### REQUIRED WORK
Could you report every line of the listing below that holds the word "font"?

[Opening RECORDS SUPPLIED section]

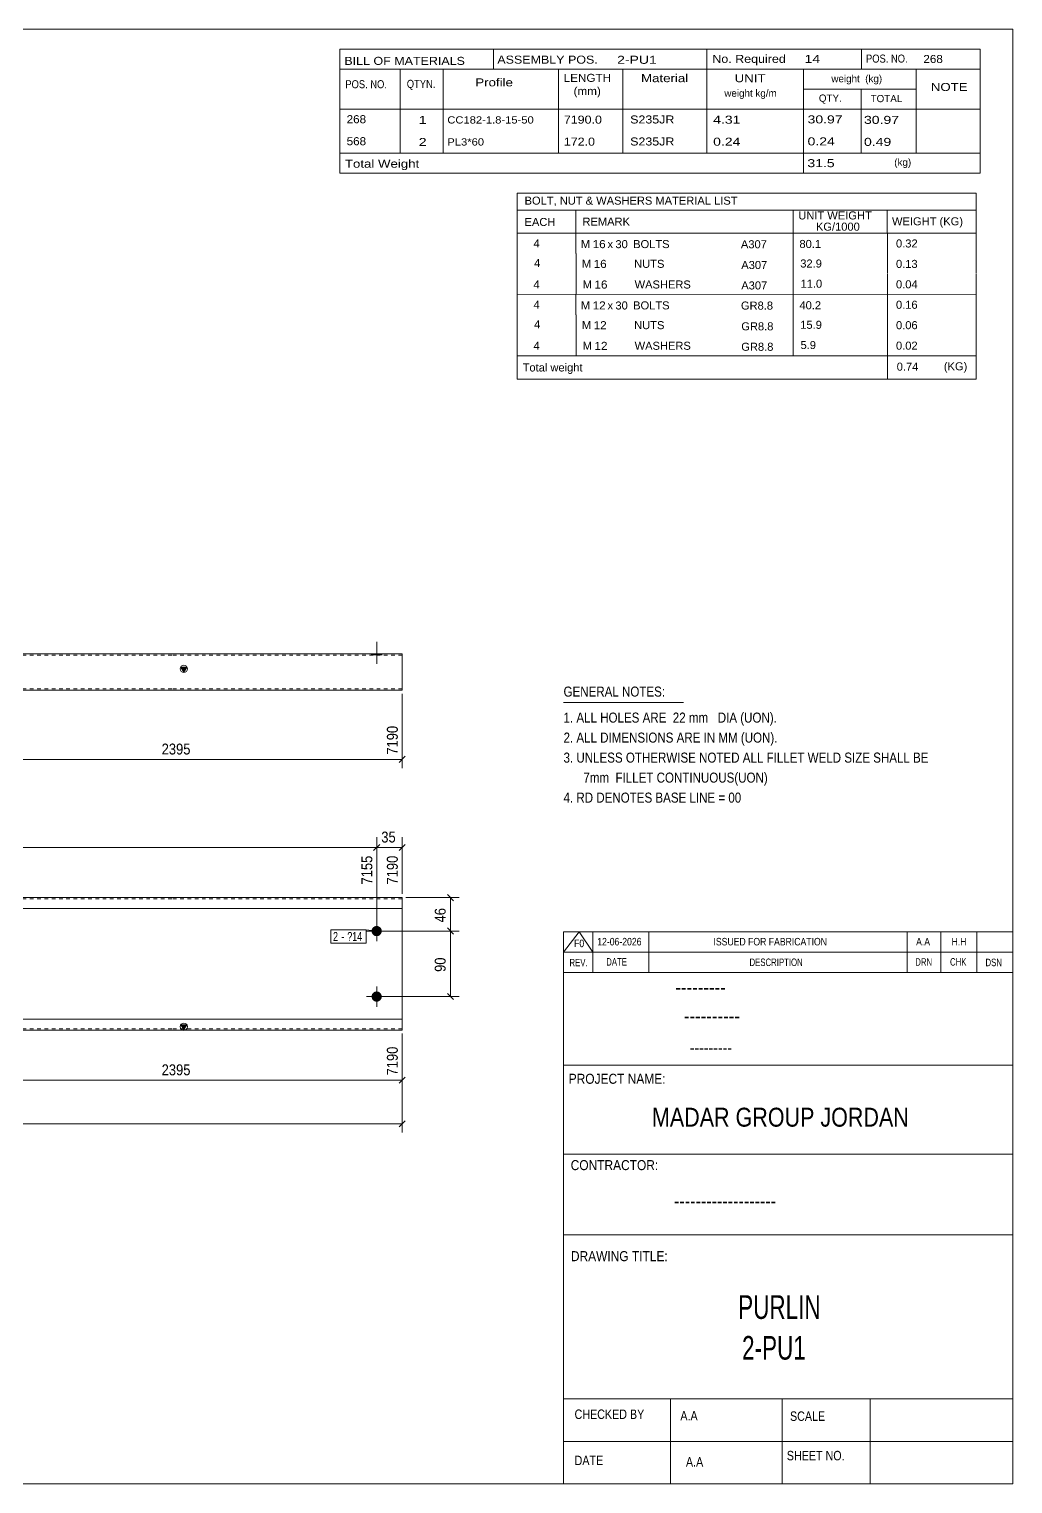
# Model space of a CAD drawing. Header units: millimetres. Extents: x 2 to 579, y 1 to 405.
# Drawn here: x 308.6 to 579, y 5 to 405 of the extents above; entities that cross this region are included whole.
import ezdxf

# ---------------------------------------------------------------- set-up
doc = ezdxf.new("R2010")
doc.units = ezdxf.units.MM
doc.linetypes.add('XKITLINE00', pattern=[0])
doc.linetypes.add('XKITLINE01', pattern=[4, 1, -1, 1, -1])
for name, color, linetype, lineweight in [('Bolt', 3, 'Continuous', 0), ('BoltMark', 7, 'Continuous', 0), ('Dimensions', 7, 'Continuous', 0), ('DrawingSheet', 5, 'Continuous', 0), ('OtherObjectType', 7, 'Continuous', 0), ('Part', 2, 'Continuous', 0)]:
    doc.layers.add(name, color=color, linetype=linetype, lineweight=lineweight)
doc.styles.add('@ARIAL_UNICODE_MS_BOLD', font='ARIAL.TTF')
doc.styles.add('ARIAL', font='ARIAL.TTF')
doc.styles.add('ARIAL_NARROW', font='ARIALN.TTF')
doc.styles.add('COMIC_SANS_MS_BOLD', font='COMICBD.TTF')
doc.styles.add('SWIS721_EX_BT', font='ARIAL.TTF')
doc.styles.add('SWISSE', font='ARIAL.TTF')

# ---------------------------------------------------------------- blocks, each defined once
blk = doc.blocks.new('*A4')
at = {"layer": 'Bolt'}
for points in [[(404.17, 158.4), (404.21, 158.4), (404.24, 158.4), (404.28, 158.39), (404.31, 158.39), (404.34, 158.38), (404.38, 158.38), (404.41, 158.37), (404.44, 158.37), (404.48, 158.36), (404.51, 158.35), (404.54, 158.34), (404.58, 158.33), (404.61, 158.32), (404.64, 158.31), (404.67, 158.29), (404.71, 158.28), (404.74, 158.27), (404.77, 158.25), (404.8, 158.23), (404.83, 158.22), (404.86, 158.2), (404.89, 158.18), (404.92, 158.16), (404.94, 158.14), (404.97, 158.12), (405, 158.1), (405.03, 158.08), (405.05, 158.06), (405.08, 158.04), (405.1, 158.01), (405.13, 157.99), (405.15, 157.97), (405.18, 157.94), (405.2, 157.91), (405.22, 157.89), (405.24, 157.86), (405.26, 157.83), (405.28, 157.81), (405.3, 157.78), (405.32, 157.75), (405.34, 157.72), (405.36, 157.69), (405.37, 157.66), (405.39, 157.63), (405.4, 157.6), (405.42, 157.57), (405.43, 157.54), (405.44, 157.5), (405.46, 157.47), (405.47, 157.44), (405.48, 157.41), (405.49, 157.37), (405.5, 157.34), (405.5, 157.31), (405.51, 157.27), (405.52, 157.24), (405.52, 157.21), (405.53, 157.17), (405.53, 157.14), (405.53, 157.1), (405.54, 157.07), (405.54, 157.03), (405.54, 157), (405.54, 156.97), (405.54, 156.93), (405.53, 156.9), (405.53, 156.86), (405.53, 156.83), (405.52, 156.79), (405.52, 156.76), (405.51, 156.73), (405.5, 156.69), (405.5, 156.66), (405.49, 156.63), (405.48, 156.59), (405.47, 156.56), (405.46, 156.53), (405.44, 156.5), (405.43, 156.46), (405.42, 156.43), (405.4, 156.4), (405.39, 156.37), (405.37, 156.34), (405.36, 156.31), (405.34, 156.28), (405.32, 156.25), (405.3, 156.22), (405.28, 156.19), (405.26, 156.17), (405.24, 156.14), (405.22, 156.11), (405.2, 156.09), (405.18, 156.06), (405.15, 156.03), (405.13, 156.01), (405.1, 155.99), (405.08, 155.96), (405.05, 155.94), (405.03, 155.92), (405, 155.9), (404.97, 155.88), (404.94, 155.86), (404.92, 155.84), (404.89, 155.82), (404.86, 155.8), (404.83, 155.78), (404.8, 155.77), (404.77, 155.75), (404.74, 155.73), (404.71, 155.72), (404.67, 155.71), (404.64, 155.69), (404.61, 155.68), (404.58, 155.67), (404.54, 155.66), (404.51, 155.65), (404.48, 155.64), (404.44, 155.63), (404.41, 155.63), (404.38, 155.62), (404.34, 155.62), (404.31, 155.61), (404.28, 155.61), (404.24, 155.6), (404.21, 155.6), (404.17, 155.6), (404.14, 155.6), (404.1, 155.6), (404.07, 155.6), (404.03, 155.6), (404, 155.61), (403.97, 155.61), (403.93, 155.62), (403.9, 155.62), (403.86, 155.63), (403.83, 155.63), (403.8, 155.64), (403.76, 155.65), (403.73, 155.66), (403.7, 155.67), (403.67, 155.68), (403.63, 155.69), (403.6, 155.71), (403.57, 155.72), (403.54, 155.73), (403.51, 155.75), (403.48, 155.77), (403.45, 155.78), (403.42, 155.8), (403.39, 155.82), (403.36, 155.84), (403.33, 155.86), (403.3, 155.88), (403.28, 155.9), (403.25, 155.92), (403.22, 155.94), (403.2, 155.96), (403.17, 155.99), (403.15, 156.01), (403.12, 156.03), (403.1, 156.06), (403.08, 156.09), (403.06, 156.11), (403.03, 156.14), (403.01, 156.17), (402.99, 156.19), (402.97, 156.22), (402.96, 156.25), (402.94, 156.28), (402.92, 156.31), (402.9, 156.34), (402.89, 156.37), (402.87, 156.4), (402.86, 156.43), (402.84, 156.46), (402.83, 156.5), (402.82, 156.53), (402.81, 156.56), (402.8, 156.59), (402.79, 156.63), (402.78, 156.66), (402.77, 156.69), (402.76, 156.73), (402.76, 156.76), (402.75, 156.79), (402.75, 156.83), (402.74, 156.86), (402.74, 156.9), (402.74, 156.93), (402.74, 156.97), (402.74, 157), (402.74, 157.03), (402.74, 157.07), (402.74, 157.1), (402.74, 157.14), (402.75, 157.17), (402.75, 157.21), (402.76, 157.24), (402.76, 157.27), (402.77, 157.31), (402.78, 157.34), (402.79, 157.37), (402.8, 157.41), (402.81, 157.44), (402.82, 157.47), (402.83, 157.5), (402.84, 157.54), (402.86, 157.57), (402.87, 157.6), (402.89, 157.63), (402.9, 157.66), (402.92, 157.69), (402.94, 157.72), (402.96, 157.75), (402.97, 157.78), (402.99, 157.81), (403.01, 157.83), (403.03, 157.86), (403.06, 157.89), (403.08, 157.91), (403.1, 157.94), (403.12, 157.97), (403.15, 157.99), (403.17, 158.01), (403.2, 158.04), (403.22, 158.06), (403.25, 158.08), (403.28, 158.1), (403.3, 158.12), (403.33, 158.14), (403.36, 158.16), (403.39, 158.18), (403.42, 158.2), (403.45, 158.22), (403.48, 158.23), (403.51, 158.25), (403.54, 158.27), (403.57, 158.28), (403.6, 158.29), (403.63, 158.31), (403.67, 158.32), (403.7, 158.33), (403.73, 158.34), (403.76, 158.35), (403.8, 158.36), (403.83, 158.37), (403.86, 158.37), (403.9, 158.38), (403.93, 158.38), (403.97, 158.39), (404, 158.39), (404.03, 158.4), (404.07, 158.4), (404.1, 158.4), (404.14, 158.4)], [(404.17, 140.4), (404.21, 140.4), (404.24, 140.4), (404.28, 140.39), (404.31, 140.39), (404.34, 140.38), (404.38, 140.38), (404.41, 140.37), (404.44, 140.37), (404.48, 140.36), (404.51, 140.35), (404.54, 140.34), (404.58, 140.33), (404.61, 140.32), (404.64, 140.31), (404.67, 140.29), (404.71, 140.28), (404.74, 140.27), (404.77, 140.25), (404.8, 140.23), (404.83, 140.22), (404.86, 140.2), (404.89, 140.18), (404.92, 140.16), (404.94, 140.14), (404.97, 140.12), (405, 140.1), (405.03, 140.08), (405.05, 140.06), (405.08, 140.04), (405.1, 140.01), (405.13, 139.99), (405.15, 139.97), (405.18, 139.94), (405.2, 139.91), (405.22, 139.89), (405.24, 139.86), (405.26, 139.83), (405.28, 139.81), (405.3, 139.78), (405.32, 139.75), (405.34, 139.72), (405.36, 139.69), (405.37, 139.66), (405.39, 139.63), (405.4, 139.6), (405.42, 139.57), (405.43, 139.54), (405.44, 139.5), (405.46, 139.47), (405.47, 139.44), (405.48, 139.41), (405.49, 139.37), (405.5, 139.34), (405.5, 139.31), (405.51, 139.27), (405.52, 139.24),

[Closing RECORDS SUPPLIED section]

### TASK ANSWER
doc.styles.add('@ARIAL_UNICODE_MS_BOLD', font='ARIAL.TTF')
doc.styles.add('ARIAL', font='ARIAL.TTF')
doc.styles.add('ARIAL_NARROW', font='ARIALN.TTF')
doc.styles.add('COMIC_SANS_MS_BOLD', font='COMICBD.TTF')
doc.styles.add('SWIS721_EX_BT', font='ARIAL.TTF')
doc.styles.add('SWISSE', font='ARIAL.TTF')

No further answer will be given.